SOURCE DATA –
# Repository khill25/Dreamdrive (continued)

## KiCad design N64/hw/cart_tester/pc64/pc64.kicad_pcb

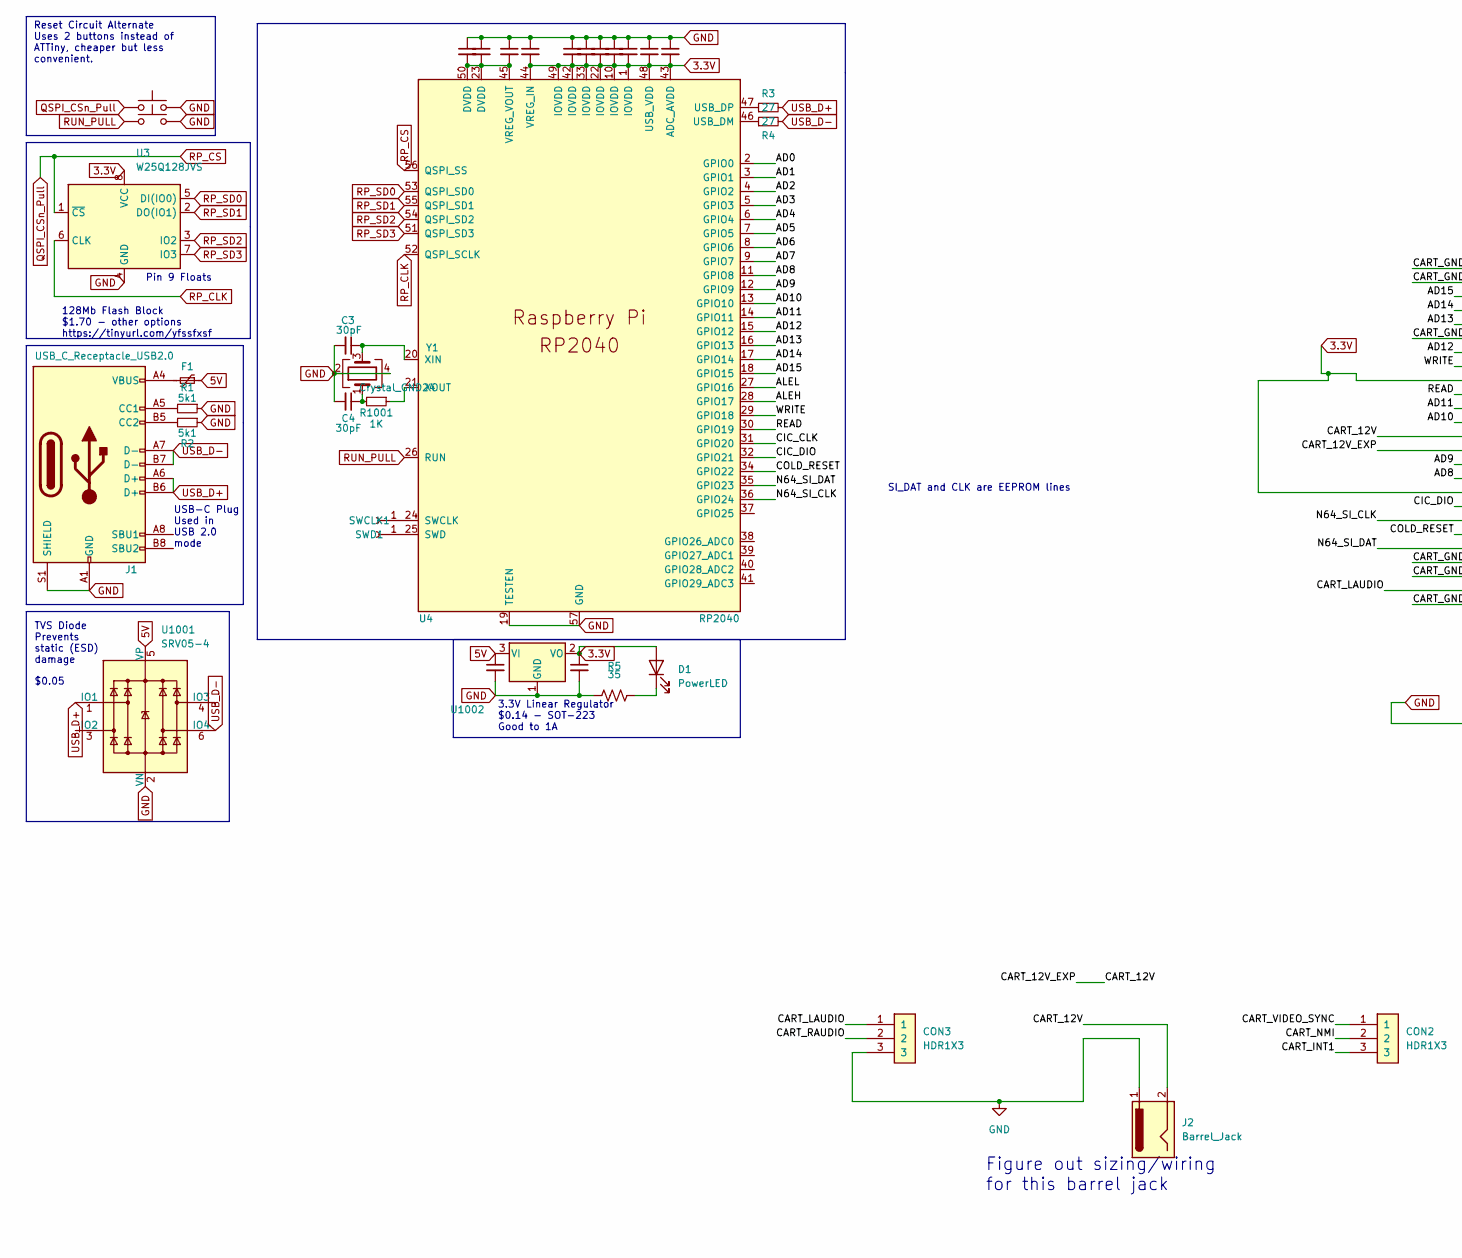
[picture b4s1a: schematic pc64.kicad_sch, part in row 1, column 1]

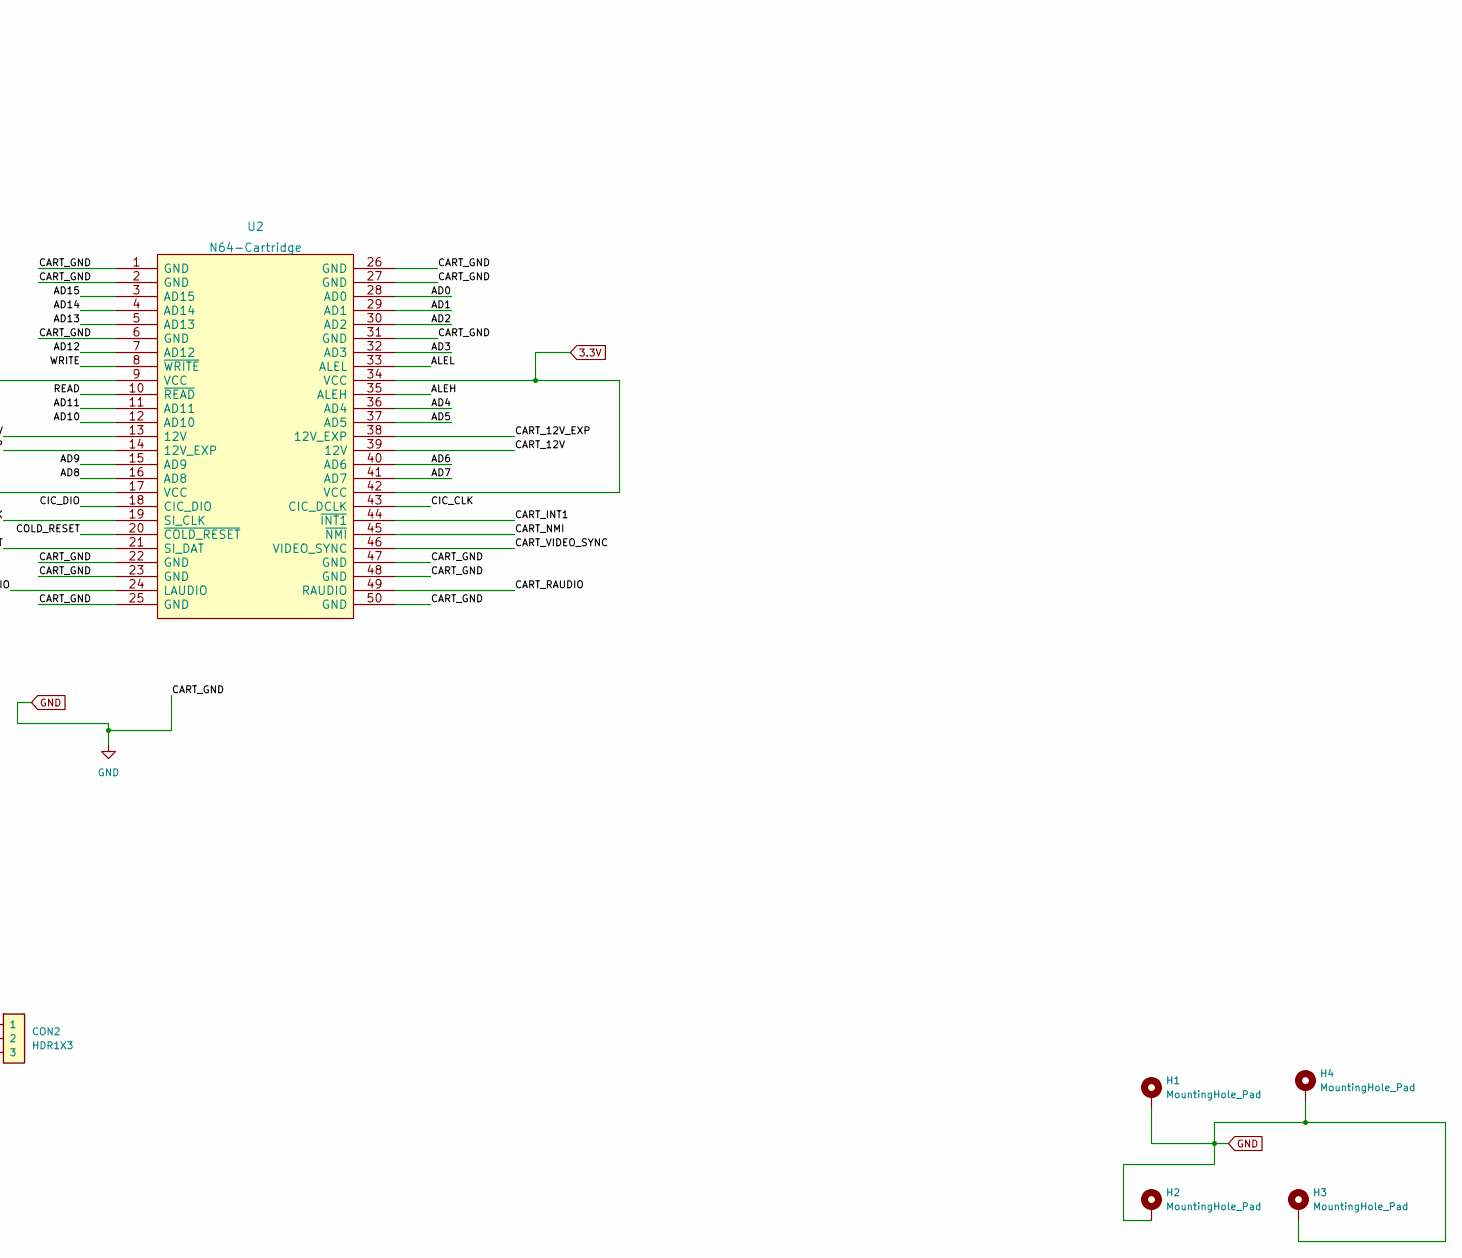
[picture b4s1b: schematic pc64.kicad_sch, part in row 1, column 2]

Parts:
C3, C4: 30pF; C_0402_1005Metric; LCSC C107004
C5, C6, C9, C10, C11, C13, C14, C15, C16: 100nF; C_0402_1005Metric; LCSC C1525
C7, C8, C1001, C1002: 1uF; C_0402_1005Metric; LCSC C52923
CON2, CON3: HDR1X3; PinSocket_1x03_P2.54mm_Vertical; Digikey 732-5316-ND
D1: PowerLED; LED_0402_1005Metric; LCSC C130724
F1: 1.1A; Fuse_1206_3216Metric; LCSC C2760273
H1, H2, H3, H4: MountingHole_Pad; MountingHole_2.2mm_M2_ISO7380_Pad_TopBottom
J1: USB_C_Receptacle_USB2.0; USB_C_Receptacle_HRO_TYPE-C-31-M-12; LCSC C165948
J2: Barrel_Jack; BarrelJack_CUI_PJ-036AH-SMT_Horizontal
R1, R2: 5k1; R_0402_1005Metric; LCSC C25905
R3, R4: 27; R_0402_1005Metric; LCSC C25100
R5: 35; R_0402_1005Metric
R1001: 1K; R_0402_1005Metric; LCSC C11702
RP_SW1, RP_SW2: SW_Push; SW_SPST_TL3342; LCSC C318884
SWCLK1: Conn_01x01_Female; TestPoint_Pad_D1.0mm
SWD1: Conn_01x01_Female; TestPoint_Pad_D1.0mm
U2: N64-Cartridge; N64-CONN
U3: W25Q128JVS; SOIC-8_5.23x5.23mm_P1.27mm; LCSC C97521
U4: RP2040; QFN-56-1EP_7x7mm_P0.4mm_EP3.2x3.2mm; LCSC C2040
U1001: SRV05-4; SOT-23-6; LCSC C3021103
U1002: AMS1117-3.3; SOT-223; LCSC C6186
Y1: Crystal_GND24; Crystal_SMD_3225-4Pin_3.2x2.5mm; LCSC C9002

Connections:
3.3V: C8.2, C9.2, C10.2, C11.2, C13.2, C14.2, C15.2, C16.2, C1002.1, D1.2 (A), U2.9 (VCC), U2.17 (VCC), U2.34 (VCC), U2.42 (VCC), U3.8 (VCC), U4.1 (IOVDD), U4.10 (IOVDD), U4.22 (IOVDD), U4.33 (IOVDD), U4.42 (IOVDD), U4.43 (ADC_AVDD), U4.44 (VREG_IN), U4.48 (USB_VDD), U4.49 (IOVDD), U1002.2 (VO)
5V: C1001.1, F1.1, U1001.5 (VP), U1002.3 (VI)
/AD0: U2.28 (AD0), U4.2 (GPIO0)
/AD1: U2.29 (AD1), U4.3 (GPIO1)
/AD2: U2.30 (AD2), U4.4 (GPIO2)
/AD3: U2.32 (AD3), U4.5 (GPIO3)
/AD4: U2.36 (AD4), U4.6 (GPIO4)
/AD5: U2.37 (AD5), U4.7 (GPIO5)
/AD6: U2.40 (AD6), U4.8 (GPIO6)
/AD7: U2.41 (AD7), U4.9 (GPIO7)
/AD8: U2.16 (AD8), U4.11 (GPIO8)
/AD9: U2.15 (AD9), U4.12 (GPIO9)
/AD10: U2.12 (AD10), U4.13 (GPIO10)
/AD11: U2.11 (AD11), U4.14 (GPIO11)
/AD12: U2.7 (AD12), U4.15 (GPIO12)
/AD13: U2.5 (AD13), U4.16 (GPIO13)
/AD14: U2.4 (AD14), U4.17 (GPIO14)
/AD15: U2.3 (AD15), U4.18 (GPIO15)
/ALEH: U2.35 (ALEH), U4.28 (GPIO17)
/ALEL: U2.33 (ALEL), U4.27 (GPIO16)
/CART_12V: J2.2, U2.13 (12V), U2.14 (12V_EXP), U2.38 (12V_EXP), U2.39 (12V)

WHAT YOU SHOULD DO – Find the lines above that hold "column", then copy each of them.

TASK OUTPUT –
[picture b4s1a: schematic pc64.kicad_sch, part in row 1, column 1]
[picture b4s1b: schematic pc64.kicad_sch, part in row 1, column 2]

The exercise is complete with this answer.